6. What was it like bringing u a family in the Area during this time?

It was uncommon for our wives to work after our children were born. In fact many like mine didn’t work until the children left school. I suppose our wages must have been comparatively good then right enough. I still have some very old wage slips. When our children were young we lived within sight of the Shipyard and I often took them round the Yard while the ships were being built. This, I believe, instilled a sense of pride in them especially when they saw the finished product knowing their Dad had been part of it. Sadly with so many people now working in Service Industries this link has been lost.

7. Overall — what was it like to work for Scotts?
This varies by date — my marks out of 10 are:

1950 - 1975 Brilliant 10 out of 10
1975 -  1980 Going down 7 out of 10
1980 - on Terrible 1 out of 10 (1 is for the money!)

8. How do you feel about how shipbuilding finished in Greenock? Deep anger tinged with sadness.

I never worked for Scott's but my Grandfather did Dugald McAlpine and as a family we were taken to many of the launches where we were all made to feel very important all dressed up in our Sunday best.

On those occasions my Grandfather was so proud explaining in full every detail of the ship, submarine.

The men who worked for my Grandfather also made me a pair of stilts and how my Grandfather managed to get them out through the yard gates is beyond me, though I am led to believe that many things made there way out of the gates at the end of each day.
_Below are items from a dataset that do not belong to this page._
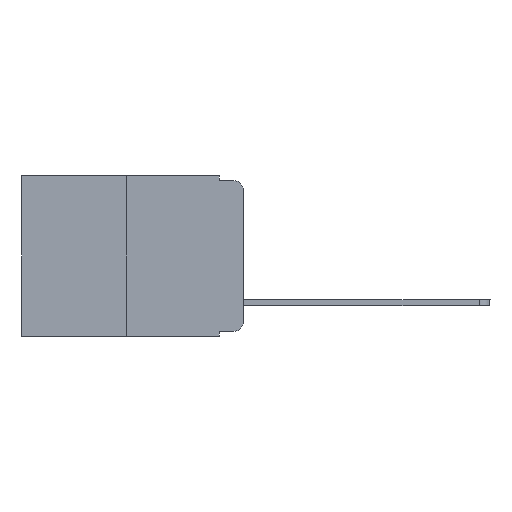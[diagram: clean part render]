
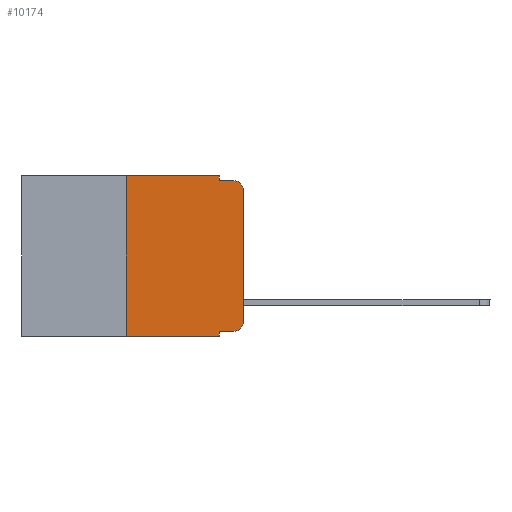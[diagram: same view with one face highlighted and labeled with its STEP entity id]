
A CAD part, left-side view. The second image highlights one B-rep face of the part: STEP entity #10174.
In plain terms, the highlighted planar face has unit normal (-1, 0, 0).
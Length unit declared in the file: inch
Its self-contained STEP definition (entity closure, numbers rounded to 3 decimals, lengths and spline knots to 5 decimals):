
#263 = EDGE_CURVE ( 'NONE', #7784, #9053, #16494, .T. ) ;
#336 = AXIS2_PLACEMENT_3D ( 'NONE', #14360, #7963, #14527 ) ;
#695 = EDGE_LOOP ( 'NONE', ( #2682, #12735, #11022, #15273, #15226, #14318, #11700, #7370, #10288, #12842 ) ) ;
#947 = DIRECTION ( 'NONE',  ( 0., -1., 0. ) ) ;
#1279 = DIRECTION ( 'NONE',  ( 0., 0., 1. ) ) ;
#1362 = LINE ( 'NONE', #1703, #11515 ) ;
#1703 = CARTESIAN_POINT ( 'NONE',  ( 0., 0.473, 0. ) ) ;
#2509 = VERTEX_POINT ( 'NONE', #4070 ) ;
#2682 = ORIENTED_EDGE ( 'NONE', *, *, #6976, .T. ) ;
#2890 = DIRECTION ( 'NONE',  ( 0., -1., 0. ) ) ;
#2993 = VECTOR ( 'NONE', #4422, 39.37008 ) ;
#3289 = EDGE_CURVE ( 'NONE', #15965, #12521, #13889, .T. ) ;
#3694 = DIRECTION ( 'NONE',  ( 0., 0., -1. ) ) ;
#4070 = CARTESIAN_POINT ( 'NONE',  ( 0., 0.25, -0.343 ) ) ;
#4422 = DIRECTION ( 'NONE',  ( 0., 0., 1. ) ) ;
#4472 = VERTEX_POINT ( 'NONE', #16568 ) ;
#4553 = DIRECTION ( 'NONE',  ( 0., 0., -1. ) ) ;
#4745 = EDGE_CURVE ( 'NONE', #15785, #14568, #1362, .T. ) ;
#5129 = EDGE_CURVE ( 'NONE', #12521, #4472, #15613, .T. ) ;
#5404 = CARTESIAN_POINT ( 'NONE',  ( 0., 0.25, 0. ) ) ;
#6173 = EDGE_CURVE ( 'NONE', #14568, #7784, #10154, .T. ) ;
#6260 = VECTOR ( 'NONE', #10258, 39.37008 ) ;
#6805 = CARTESIAN_POINT ( 'NONE',  ( 0., 0.051, -0.01 ) ) ;
#6820 = CARTESIAN_POINT ( 'NONE',  ( 0., 0.051, 0. ) ) ;
#6976 = EDGE_CURVE ( 'NONE', #4472, #12126, #11902, .T. ) ;
#7040 = VECTOR ( 'NONE', #947, 39.37008 ) ;
#7043 = AXIS2_PLACEMENT_3D ( 'NONE', #15535, #7967, #14040 ) ;
#7370 = ORIENTED_EDGE ( 'NONE', *, *, #7744, .F. ) ;
#7744 = EDGE_CURVE ( 'NONE', #15965, #9164, #8463, .T. ) ;
#7784 = VERTEX_POINT ( 'NONE', #9476 ) ;
#7963 = DIRECTION ( 'NONE',  ( 1., 0., 0. ) ) ;
#7967 = DIRECTION ( 'NONE',  ( -1., 0., 0. ) ) ;
#8212 = EDGE_CURVE ( 'NONE', #12126, #9053, #10255, .T. ) ;
#8275 = CARTESIAN_POINT ( 'NONE',  ( 0., 0.051, -0.333 ) ) ;
#8463 = LINE ( 'NONE', #13420, #14278 ) ;
#9053 = VERTEX_POINT ( 'NONE', #9562 ) ;
#9139 = FACE_OUTER_BOUND ( 'NONE', #695, .T. ) ;
#9164 = VERTEX_POINT ( 'NONE', #13682 ) ;
#9476 = CARTESIAN_POINT ( 'NONE',  ( 0., 0.051, -0.01 ) ) ;
#9562 = CARTESIAN_POINT ( 'NONE',  ( 0., 0.02, -0.01 ) ) ;
#9693 = EDGE_CURVE ( 'NONE', #2509, #9164, #10185, .T. ) ;
#9918 = CARTESIAN_POINT ( 'NONE',  ( 0., 0.051, 0. ) ) ;
#10154 = LINE ( 'NONE', #9918, #15315 ) ;
#10174 = ADVANCED_FACE ( 'NONE', ( #9139 ), #13089, .F. ) ;
#10185 = LINE ( 'NONE', #15572, #16214 ) ;
#10255 = CIRCLE ( 'NONE', #15374, 0.02 ) ;
#10258 = DIRECTION ( 'NONE',  ( 0., -1., 0. ) ) ;
#10288 = ORIENTED_EDGE ( 'NONE', *, *, #3289, .T. ) ;
#11022 = ORIENTED_EDGE ( 'NONE', *, *, #263, .F. ) ;
#11459 = VECTOR ( 'NONE', #1279, 39.37008 ) ;
#11515 = VECTOR ( 'NONE', #16059, 39.37008 ) ;
#11700 = ORIENTED_EDGE ( 'NONE', *, *, #9693, .T. ) ;
#11902 = LINE ( 'NONE', #13411, #2993 ) ;
#11994 = DIRECTION ( 'NONE',  ( 0., 0., -1. ) ) ;
#12126 = VERTEX_POINT ( 'NONE', #13685 ) ;
#12214 = CARTESIAN_POINT ( 'NONE',  ( 0., 0.02, -0.03 ) ) ;
#12521 = VERTEX_POINT ( 'NONE', #12558 ) ;
#12558 = CARTESIAN_POINT ( 'NONE',  ( 0., 0.02, -0.333 ) ) ;
#12702 = CARTESIAN_POINT ( 'NONE',  ( 0., 0.051, -0.333 ) ) ;
#12735 = ORIENTED_EDGE ( 'NONE', *, *, #8212, .T. ) ;
#12785 = LINE ( 'NONE', #5404, #11459 ) ;
#12842 = ORIENTED_EDGE ( 'NONE', *, *, #5129, .T. ) ;
#13089 = PLANE ( 'NONE',  #336 ) ;
#13411 = CARTESIAN_POINT ( 'NONE',  ( 0., 0., 0. ) ) ;
#13420 = CARTESIAN_POINT ( 'NONE',  ( 0., 0.051, 0. ) ) ;
#13682 = CARTESIAN_POINT ( 'NONE',  ( 0., 0.051, -0.343 ) ) ;
#13685 = CARTESIAN_POINT ( 'NONE',  ( 0., 0., -0.03 ) ) ;
#13889 = LINE ( 'NONE', #12702, #7040 ) ;
#14040 = DIRECTION ( 'NONE',  ( 0., 0., -1. ) ) ;
#14278 = VECTOR ( 'NONE', #11994, 39.37008 ) ;
#14318 = ORIENTED_EDGE ( 'NONE', *, *, #14415, .F. ) ;
#14348 = CARTESIAN_POINT ( 'NONE',  ( 0., 0.25, 0. ) ) ;
#14360 = CARTESIAN_POINT ( 'NONE',  ( 0., 0.473, 0. ) ) ;
#14415 = EDGE_CURVE ( 'NONE', #2509, #15785, #12785, .T. ) ;
#14527 = DIRECTION ( 'NONE',  ( 0., 0., -1. ) ) ;
#14568 = VERTEX_POINT ( 'NONE', #6820 ) ;
#15226 = ORIENTED_EDGE ( 'NONE', *, *, #4745, .F. ) ;
#15273 = ORIENTED_EDGE ( 'NONE', *, *, #6173, .F. ) ;
#15315 = VECTOR ( 'NONE', #3694, 39.37008 ) ;
#15374 = AXIS2_PLACEMENT_3D ( 'NONE', #12214, #16068, #4553 ) ;
#15535 = CARTESIAN_POINT ( 'NONE',  ( 0., 0.02, -0.313 ) ) ;
#15572 = CARTESIAN_POINT ( 'NONE',  ( 0., 0.473, -0.343 ) ) ;
#15613 = CIRCLE ( 'NONE', #7043, 0.02 ) ;
#15785 = VERTEX_POINT ( 'NONE', #14348 ) ;
#15965 = VERTEX_POINT ( 'NONE', #8275 ) ;
#16059 = DIRECTION ( 'NONE',  ( 0., -1., 0. ) ) ;
#16068 = DIRECTION ( 'NONE',  ( -1., 0., 0. ) ) ;
#16214 = VECTOR ( 'NONE', #2890, 39.37008 ) ;
#16494 = LINE ( 'NONE', #6805, #6260 ) ;
#16568 = CARTESIAN_POINT ( 'NONE',  ( 0., 0., -0.313 ) ) ;

Though my Grandfather was very proud of his work, he would often tell stories how hard it was especially in the winter months and vowed that no member of his family would ever work in the yards.  Sadly my Grandfather died whilst still working for Scott's and the number attending his funeral was amazing from apprentice to senior manager.  I was only a child at the time but the memories of that day are still very vivid.  He always would say that his men were like an extension of his family and on that day that was exactly what they were.

As a child I would love to be on a bus with my Mum at the time the yards were coming out and everything would stop and a sea of man would appear, men who having had a long hard days work still had life in their eyes and smiles on their faces and bringing in a wage to the family home.

Inverclyde died when Scott's closed down I believe the heart went out of the Community.